→ RECORDS SHOWN
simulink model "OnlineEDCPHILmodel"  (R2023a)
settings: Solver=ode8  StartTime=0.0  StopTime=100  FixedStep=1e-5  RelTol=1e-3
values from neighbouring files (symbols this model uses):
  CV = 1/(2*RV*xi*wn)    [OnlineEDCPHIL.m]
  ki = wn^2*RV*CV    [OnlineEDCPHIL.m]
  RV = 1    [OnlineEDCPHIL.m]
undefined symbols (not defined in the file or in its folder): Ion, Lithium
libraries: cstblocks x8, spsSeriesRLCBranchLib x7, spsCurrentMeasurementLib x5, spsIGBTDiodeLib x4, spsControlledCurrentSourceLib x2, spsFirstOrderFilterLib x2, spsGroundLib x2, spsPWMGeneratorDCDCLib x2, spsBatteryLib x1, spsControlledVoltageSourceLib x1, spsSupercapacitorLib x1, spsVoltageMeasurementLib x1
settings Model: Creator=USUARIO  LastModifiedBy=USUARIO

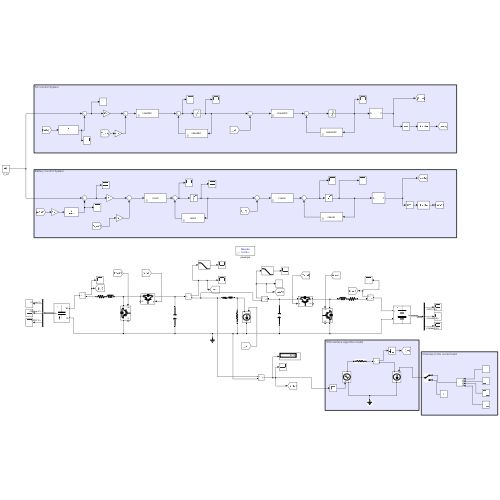
[thumbnail: Simulink's stored preview of the top-level diagram]
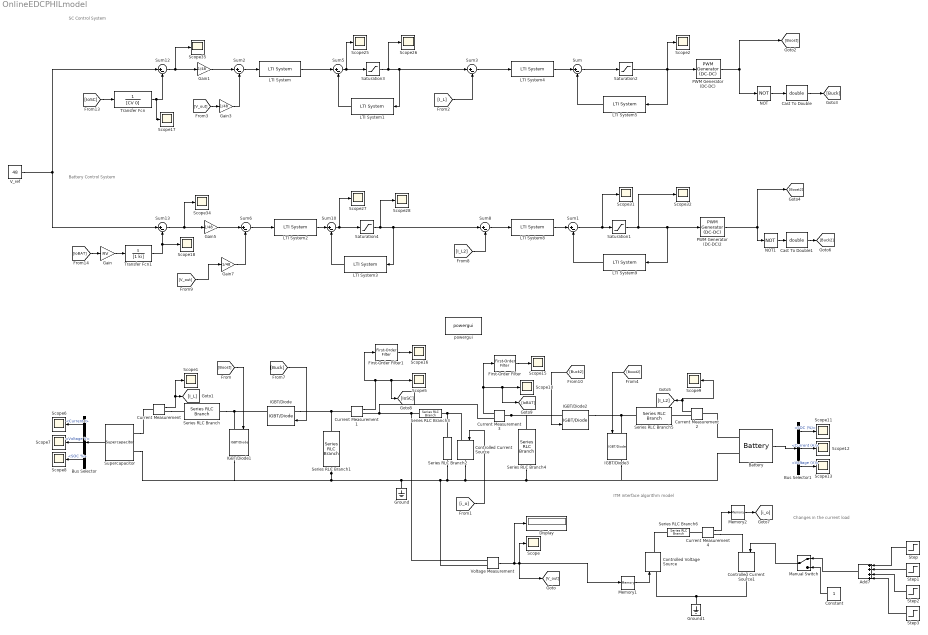
== system OnlineEDCPHILmodel ==
  note: Changes in the current load
  note: ITM interface algorithm model
  note: SC Control System
  note: Battery Control System
  Add7 : Sum  Inputs=++++
  Battery : spsBatteryLib/Battery  BatType=Lithium-Ion  ShowTempParam=off  ThermalPreset=no  ShowAgeParam=off  NomV=24  NomQ=15  SOC=40  Batt_Tr=30  PresetModel=on  MaxQ=15  MinV=18  FullV=27.9357  Dis_rate=6.5217  R=0.016  Normal_OP=13.5652  expZone="[25.9293     0.736957]"  current=[6.5 13 32.5]  Units=Time  Tci=20  NomT=20  T2=-30  MaxQ2=4.8  FullV2=7.1  Normal_OP2=5.655  expZone2="[6.58           1]"  Rca=0.6  ti=2000  Dp=0  Neq0=0  Tsim=1e6  Ta1=25  Qeol=5.4*0.9  Reol=0.013333*1.2  Char_age=[2.3478, 3]  Dis_age=[2.3478, 10]  N1=1500  N2=10500  N3=1000  N4=1400  Ta2=45  N5=950
  Bus Selector : BusSelector  OutputSignals=Current I,Voltage V,SOC %
  Bus Selector1 : BusSelector  OutputSignals=SOC (%),Current (A),Voltage (V)
  Cast To Double : DataTypeConversion  OutDataTypeStr=double  SaturateOnIntegerOverflow=off  RndMeth=Floor
  Cast To Double1 : DataTypeConversion  OutDataTypeStr=double  SaturateOnIntegerOverflow=off  RndMeth=Floor
  Constant : Constant
  Controlled Current Source : spsControlledCurrentSourceLib/Controlled Current Source  Initialize=on  Source_Type=DC  Amplitude=1  Phase=0  Frequency=0  Measurements=None
  Controlled Current Source1 : spsControlledCurrentSourceLib/Controlled Current Source  Initialize=on  Source_Type=DC  Amplitude=1  Phase=0  Frequency=0  Measurements=None
  Controlled Voltage Source : spsControlledVoltageSourceLib/Controlled Voltage Source  Initialize=off  Source_Type=DC  Amplitude=0  Phase=0  Frequency=0  Measurements=None
  Current Measurement{,1..4} (5 alike) : spsCurrentMeasurementLib/Current Measurement  PhasorSimulation=off  OutputType=Complex  PSBequivalent=0
  Display : Display
  First-Order Filter : spsFirstOrderFilterLib/First-Order Filter  FilterType=Lowpass  Tc=10e-2  Ts=0  Initialize=off  Vac_Init=[0, 0, 60]  Vdc_Init=0  PlotResponse=off  FreqRange="[0,  200,  1]"
  First-Order Filter1 : spsFirstOrderFilterLib/First-Order Filter  FilterType=Lowpass  Tc=10e-2  Ts=0  Initialize=off  Vac_Init=[0, 0, 60]  Vdc_Init=0  PlotResponse=off  FreqRange="[0,  200,  1]"
  Gain : Gain  Gain=RV
  Gain{1,3,5,7} (4 alike) : Gain  Gain=1/48
  Ground : spsGroundLib/Ground  LConnTagsString=a
  Ground1 : spsGroundLib/Ground  LConnTagsString=a
  IGBT/Diode{,1..3} (4 alike) : spsIGBTDiodeLib/IGBT//Diode  Ron=1e-3  Rs=1e6  Cs=inf  Measurements=on
  LTI System : cstblocks/LTI System  sys=c1antiSC  IC=[]
  LTI System1 : cstblocks/LTI System  sys=c2antiSC  IC=[]
  LTI System2 : cstblocks/LTI System  sys=c1anti  IC=[]
  LTI System3 : cstblocks/LTI System  sys=c2anti  IC=[]
  LTI System4 : cstblocks/LTI System  sys=c1anticSC  IC=[]
  LTI System5 : cstblocks/LTI System  sys=c2anticSC  IC=[]
  LTI System8 : cstblocks/LTI System  sys=c1antic  IC=[]
  LTI System9 : cstblocks/LTI System  sys=c2antic  IC=[]
  Manual Switch : ManualSwitch
  Memory1 : Memory
  Memory2 : Memory
  NOT : Logic  Operator=NOT  AllPortsSameDT=off  OutDataTypeStr=boolean
  NOT1 : Logic  Operator=NOT  AllPortsSameDT=off  OutDataTypeStr=boolean
  PWM Generator (DC-DC) : spsPWMGeneratorDCDCLib/PWM Generator (DC-DC)  Fsw=25000  Ts=0
  PWM Generator (DC-DC)2 : spsPWMGeneratorDCDCLib/PWM Generator (DC-DC)  Fsw=25000  Ts=0
  Saturation1 : Saturate  UpperLimit=0.95  LowerLimit=0.01
  Saturation2 : Saturate  UpperLimit=0.95  LowerLimit=0.01
  Saturation3 : Saturate  UpperLimit=10  LowerLimit=-10
  Saturation4 : Saturate  UpperLimit=12  LowerLimit=-12
  Scope{,1..2,5..13,15..18,25..28,31..32,34..35} (24 alike) : Scope
  Series RLC Branch : spsSeriesRLCBranchLib/Series RLC Branch  LConnTagsString=__new0  RConnTagsString=__new0  BranchType=RL  Resistance=1e-3  Inductance=8e-3  SetiL0=off  InitialCurrent=0  Capacitance=1e-6  Setx0=off  InitialVoltage=0  Measurements=None
  Series RLC Branch1 : spsSeriesRLCBranchLib/Series RLC Branch  LConnTagsString=__new0  RConnTagsString=__new0  BranchType=C  Resistance=1  Inductance=1e-3  SetiL0=off  InitialCurrent=0  Capacitance=0.0047  Setx0=off  InitialVoltage=0  Measurements=None
  Series RLC Branch2 : spsSeriesRLCBranchLib/Series RLC Branch  LConnTagsString=__new0  RConnTagsString=__new0  BranchType=R  Resistance=1e5  Inductance=1e-3  SetiL0=off  InitialCurrent=0  Capacitance=4700e-6  Setx0=off  InitialVoltage=0  Measurements=None
  Series RLC Branch3 : spsSeriesRLCBranchLib/Series RLC Branch  LConnTagsString=__new0  RConnTagsString=__new0  BranchType=RL  Resistance=1e-4  Inductance=75e-6  SetiL0=off  InitialCurrent=0  Capacitance=4700e-6  Setx0=off  InitialVoltage=0  Measurements=None
  Series RLC Branch4 : spsSeriesRLCBranchLib/Series RLC Branch  LConnTagsString=__new0  RConnTagsString=__new0  BranchType=C  Resistance=1  Inductance=1e-3  SetiL0=off  InitialCurrent=0  Capacitance=0.0047  Setx0=off  InitialVoltage=0  Measurements=None
  Series RLC Branch5 : spsSeriesRLCBranchLib/Series RLC Branch  LConnTagsString=__new0  RConnTagsString=__new0  BranchType=RL  Resistance=1e-3  Inductance=8e-3  SetiL0=off  InitialCurrent=0  Capacitance=1e-6  Setx0=off  InitialVoltage=0  Measurements=None
  Series RLC Branch6 : spsSeriesRLCBranchLib/Series RLC Branch  LConnTagsString=__new0  RConnTagsString=__new0  BranchType=R  Resistance=1e-3  Inductance=75e-6  SetiL0=off  InitialCurrent=0  Capacitance=4700e-6  Setx0=off  InitialVoltage=0  Measurements=None
  Step : Step  Time=0  SampleTime=0
  Step1 : Step  Time=37.82  After=2  SampleTime=0
  Step2 : Step  Time=69.7319  After=-2  SampleTime=0
  Step3 : Step  Time=95.9598  After=-2  SampleTime=0
  Sum{,1..3,5..6,8,10,12..13} (10 alike) : Sum  Inputs=|+-
  Supercapacitor : spsSupercapacitorLib/Supercapacitor  C=165  Rdc=6e-3  Voltage=48  Ns=18  Np=1  Vinit=24  Temp=25  PresetModel=off  EstParam=off  Nc=1  r=1e-9  epsilon=6.0208e-10  Ich=10  Vstern="[0.161  2.7  7.8]"  Self_dis=on  Ioc=10  Vself="[48  47.8  47.06  44.65]"  demandeplot=off  I="[10  20 100  500]"  Units=sec  Vmax=0  If=0  deltaV=0  alpha=0  sec=0
      settings: LibrarySourceBlock=sps_lib/Sources/Supercapacitor
  Transfer Fcn : TransferFcn  Denominator=[CV 0]
  Transfer Fcn1 : TransferFcn  Numerator=[1 0]  Denominator=[1 ki]
  V_ref : Constant  Value=48
  Voltage Measurement : spsVoltageMeasurementLib/Voltage Measurement  PhasorSimulation=off  OutputType=Complex  PSBequivalent=0
  powergui : spspowerguiLib/powergui  Priority=1  SimulationMode=Discrete  SampleTime=1e-5  frequency=60  Iterations=50  frequencyindice=0  Pbase=100e6  ErrMax=1e-4  UnitsV=kV  UnitsW=MW  buscounter=0  FunctionMessages=off  echomessages=off  EnableUseOfTLC=off  CurrentSourceSwitches=off  DisableSnubberDevices=off  DisableRonSwitches=off  DisableVfSwitches=off  DisplayEquations=off  AutomaticDiscreteSolvers=off  SolverType=Tustin/Backward Euler (TBE)  Interpol=off  ExternalGateDelay=off  methode=off  Ts=100  x0status=blocks  SPID=on  SwTol=0  HookPort=off  NonlinearTolerance=1e-4  nMaxIteration=100  ContinueOnMaxIteration=off  RestoreLinks=warning  ResistiveCurrentMeasurement=off  Frange=[0:2:500]  Ylog=off  Xlog=on  ShowGrid=off  save=off  variable=ZData  structure=0  ZoomFFT=off  StartTime=0.0  cycles=1  DisplayStyle=1  fundamental=60  FreqAxis=off  MaxFrequency=1000  frequencyindicesteady=1  RmsSteady=1  display=off
  wires:
  NOT/1 -> Cast To Double/1
  [Buck2] -> IGBT/Diode2/1
  Current Measurement1/1 -> [IoSC], Scope5/1, First-Order Filter1/1
  Current Measurement3/1 -> First-Order Filter/1, [IoBAT], Scope10/1
  [Boost] -> IGBT/Diode1/1
  Gain1/1 -> Sum2/1
  Step1/1 -> Add7/2
  LTI System2/1 -> Sum10/1
  [IoSC] -> Transfer Fcn/1
  Sum3/1 -> LTI System4/1
  Step2/1 -> Add7/3
  Step/1 -> Add7/1
  PWM Generator (DC-DC)2/1 -> [Boost2], NOT1/1
  Sum1/1 -> Saturation1/1, Scope31/1
  Step3/1 -> Add7/4
  Cast To Double/1 -> [Buck]
  Sum13/1 -> Scope34/1, Gain5/1
  NOT1/1 -> Cast To Double1/1
  PWM Generator (DC-DC)/1 -> [Boost], NOT/1
  Battery/1 -> Bus Selector1/1
  Sum2/1 -> LTI System/1
  [Boost2] -> IGBT/Diode3/1
  Transfer Fcn1/1 -> Scope18/1, Sum13/2
  LTI System9/1 -> Sum1/2
  Gain5/1 -> Sum6/1
  Saturation1/1 -> PWM Generator (DC-DC)2/1, LTI System9/1, Scope32/1
  Sum8/1 -> LTI System8/1
  Saturation3/1 -> Scope26/1, LTI System1/1, Sum3/1
  [IoBAT] -> Gain/1
  LTI System3/1 -> Sum10/2
  Sum12/1 -> Scope35/1, Gain1/1
  Voltage Measurement/1 -> Display/1, [V_out], Memory1/1, Scope/1
  Supercapacitor/1 -> Bus Selector/1
  Current Measurement/1 -> Scope1/1, [I_L]
  Bus Selector1/2 -> Scope12/1  "<Current (A)>"
  Saturation2/1 -> PWM Generator (DC-DC)/1, Scope2/1, LTI System5/1
  Transfer Fcn/1 -> Scope17/1, Sum12/2
  Cast To Double1/1 -> [Buck2]
  LTI System/1 -> Sum5/1
  Current Measurement2/1 -> Scope9/1, [I_L2]
  Sum6/1 -> LTI System2/1
  Bus Selector/2 -> Scope7/1  "<Voltage V>"
  LTI System8/1 -> Sum1/1
  V_ref/1 -> Sum13/1, Sum12/1
  LTI System4/1 -> Sum/1
  Bus Selector1/1 -> Scope11/1  "<SOC (%)>"
  Bus Selector/3 -> Scope8/1  "<SOC %>"
  Gain7/1 -> Sum6/2
  Sum/1 -> Saturation2/1
  Sum10/1 -> Saturation4/1, Scope27/1
  Gain3/1 -> Sum2/2
  Bus Selector1/3 -> Scope13/1  "<Voltage (V)>"
  LTI System1/1 -> Sum5/2
  Sum5/1 -> Saturation3/1, Scope25/1
  Saturation4/1 -> Scope28/1, Sum8/1, LTI System3/1
  [V_out] -> Gain3/1
  [Buck] -> IGBT/Diode/1
  Bus Selector/1 -> Scope6/1  "<Current I>"
  First-Order Filter1/1 -> Scope16/1
  LTI System5/1 -> Sum/2
  First-Order Filter/1 -> Scope15/1
  [I_L] -> Sum3/2
  [V_out] -> Gain7/1
  [I_L2] -> Sum8/2
  Gain/1 -> Transfer Fcn1/1
  Add7/1 -> Manual Switch/1
  Constant/1 -> Manual Switch/2
  Manual Switch/1 -> Controlled Current Source1/1
  Current Measurement4/1 -> Memory2/1
  [i_o] -> Controlled Current Source/1
  Memory1/1 -> Controlled Voltage Source/1
  Memory2/1 -> [i_o]
  connections:
  Series RLC Branch2/LConn1 -- Series RLC Branch3/RConn1 -- Controlled Current Source/LConn1
  Current Measurement3/LConn1 -- IGBT/Diode2/LConn1 -- Series RLC Branch4/LConn1
  Series RLC Branch1/RConn1 -- Supercapacitor/LConn2 -- IGBT/Diode1/RConn1 -- Controlled Current Source/RConn1 -- IGBT/Diode3/RConn1 -- Battery/LConn2 -- Series RLC Branch4/RConn1 -- Series RLC Branch2/RConn1 -- Voltage Measurement/LConn2 -- Ground/LConn1
  Current Measurement1/LConn1 -- IGBT/Diode/LConn1 -- Series RLC Branch1/LConn1
  IGBT/Diode2/RConn1 -- Series RLC Branch5/RConn1 -- IGBT/Diode3/LConn1
  Series RLC Branch/RConn1 -- IGBT/Diode1/LConn1 -- IGBT/Diode/RConn1
  Current Measurement2/RConn1 -- Series RLC Branch5/LConn1
  Voltage Measurement/LConn1 -- Current Measurement3/RConn1 -- Current Measurement1/RConn1 -- Series RLC Branch3/LConn1
  Current Measurement/RConn1 -- Series RLC Branch/LConn1
  Supercapacitor/LConn1 -- Current Measurement/LConn1
  Battery/LConn1 -- Current Measurement2/LConn1
  Controlled Voltage Source/RConn1 -- Series RLC Branch6/LConn1
  Controlled Current Source1/RConn1 -- Controlled Voltage Source/LConn1 -- Ground1/LConn1
  Current Measurement4/LConn1 -- Series RLC Branch6/RConn1
  Current Measurement4/RConn1 -- Controlled Current Source1/LConn1

→ PROBLEM DESCRIPTION
Print only what lies in the material above starting at the line with "[IoBAT] -> Gain/1" and ending at the line with "LTI System8/1 -> Sum1/1", every line exactly as given.

→ REPLY TO THE EXERCISE
  [IoBAT] -> Gain/1
  LTI System3/1 -> Sum10/2
  Sum12/1 -> Scope35/1, Gain1/1
  Voltage Measurement/1 -> Display/1, [V_out], Memory1/1, Scope/1
  Supercapacitor/1 -> Bus Selector/1
  Current Measurement/1 -> Scope1/1, [I_L]
  Bus Selector1/2 -> Scope12/1  "<Current (A)>"
  Saturation2/1 -> PWM Generator (DC-DC)/1, Scope2/1, LTI System5/1
  Transfer Fcn/1 -> Scope17/1, Sum12/2
  Cast To Double1/1 -> [Buck2]
  LTI System/1 -> Sum5/1
  Current Measurement2/1 -> Scope9/1, [I_L2]
  Sum6/1 -> LTI System2/1
  Bus Selector/2 -> Scope7/1  "<Voltage V>"
  LTI System8/1 -> Sum1/1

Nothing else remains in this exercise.